Kendisini içe kapanık olarak tanımlayanların ayrıca sosyal ve girişken olmayanların ilişki bağımlılığı düzeylerinin daha yüksek olduğu tespit ediliyor. Yani içe kapanık kişilik yapısına sahip olmanın insanlarla rahat iletişim kurma ve sosyal çevreden uzaklaşma noktasında ilişki bağımlılığı geliştirmede önemli rol oynadığı görülüyor.
Katılımcıların psikolojik özellikleri değerlendirildiğinde; karamsar, depresif ve kaygılı bir ruh haline sahip olmanın ilişki bağımlılığına yatkınlığı arttırdığı kaydediliyor.

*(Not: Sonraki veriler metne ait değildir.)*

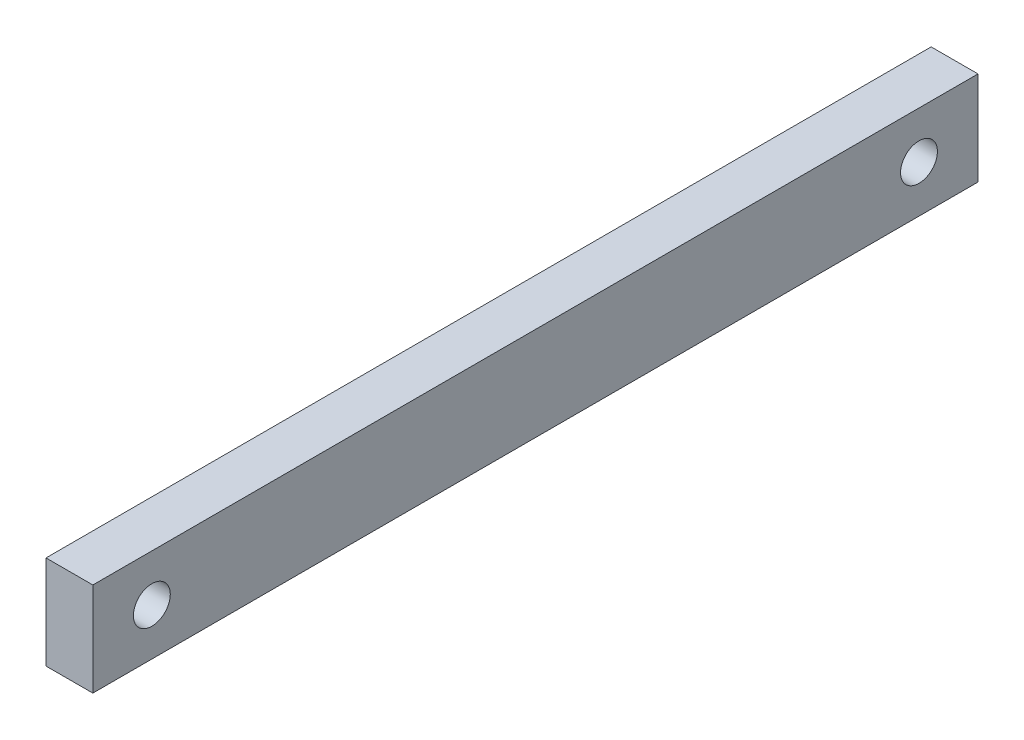
SolidWorks part; units mm, degrees
ref_plane "Front Plane" through (0, 0, 0) normal (0, 0, 1) x (1, 0, 0)
ref_plane "Top Plane" through (0, 0, 0) normal (0, 1, 0) x (1, 0, 0)
ref_plane "Right Plane" through (0, 0, 0) normal (1, 0, 0) x (0, 0, -1)
sketch "Sketch2" plane through (0, 0, 0) normal (0, 0, 1) x (1, 0, 0)
  line L1 (-3.175, -6.35) -> (3.175, -6.35)
  line L2 (-3.175, -6.35) -> (-3.175, 6.35)
  line L3 (-3.175, 6.35) -> (3.175, 6.35)
  line L4 (3.175, -6.35) -> (3.175, 6.35)
  line L5 (-3.175, -6.35) -> (3.175, 6.35) construction
  line L6 (-3.175, 6.35) -> (3.175, -6.35) construction
  point P0 (0, 0)
  dimension "D1" = 6.35
  dimension "D2" = 12.7
extrude "Boss-Extrude1" add sketch "Sketch2" along normal blind 60 and the other way blind 60
sketch "Sketch4" plane through (3.175, 0, 0) normal (1, 0, 0) x (0, 0, -1)
  line L0 (0, 0) -> (0, -6.35) construction
  line L1 (60, -6.35) -> (-60, -6.35) construction
  line L2 (-60, -6.35) -> (-60, 6.35) construction
  circle A0 centre (-52, 0) radius 2.5
  circle A1 centre (52, 0) radius 2.5
  dimension "D1" = 5
  dimension "D2" = 8
extrude "Cut-Extrude1" cut sketch "Sketch4" against normal through all

Mutlu ve kaygılı olmayanlarda ise ilişki bağımlılığı daha az görülüyor.
Araştırmadan elde edilen verilere göre ilişki bağımlılığında ekonomik durum önemli bir risk faktörü. Katılımcıların ekonomik düzeyleri düştükçe ilişki bağımlılık düzeylerinin de arttığı ifade ediliyor.
Sosyo-Demografik Bilgi Formu ve Spann-Fischer İlişki Bağımlılığı Ölçeği kullanılarak anket yapılan çalışmada katılımcıların agresif ya da sakin olması, aile içi şiddete maruz kalması, daha önce ilişki yaşayıp yaşamaması, anne- baba eğitim durumu, kardeş sayısı, ebeveynlerin ayrı yaşaması, ebeveynlerin vefat durumu ve katılımcıların kendilerinin veya ebeveynlerinin psikolojik destek almasıyla ilişki bağımlılık düzeyleri arasında ise anlamlı bir fark bulunmuyor.
Çalışmada ilişki bağımlılığından kaynaklı anksiyete, depresyon gibi psikolojik rahatsızlıkların ve intiharın önlenmesi açısından kadın öğrencilerle yönelik sağlıklı partner ilişkileri, özgüven, öz şefkat gelişimi ve farkındalık çalışmaları yapılmasını öneriliyor. Uzman Derya Yörük ve Doç. Dr. Derya Şaşman Kaylı “Üniversiteler ile Gençlik ve Spor Bakanlığı’na bağlı Yüksek Öğrenim Öğrenci Yurtlarındaki madde kullanımı, kaygılı ve içe kapanık kişilik yapısı olan öğrencilerin tespit edilerek görev yapan psikolog ve sosyal çalışmacılar tarafından bu öğrencilerle bireysel görüşmeler ve mesleki çalışmalar yapılması” gerektiğini vurguluyor.
Ailelere, aile içi iletişim ve yakınlığın önemi, ilişki bağımlılığının nedenleri ve sonuçları hakkında ve madde kullanımının önlenmesine yönelik madde bağımlılığı farkındalık seminerlerinin yaygınlaştırılması gerektiği ifade ediliyor. Ayrıca ekonomik açıdan dezavantajlı olan öğrencilere yönelik sosyal politikaların geliştirilmesi ve ekonomik yoksunluk yaşayan öğrencilerin desteklenmesi gerektiği vurgulanıyor.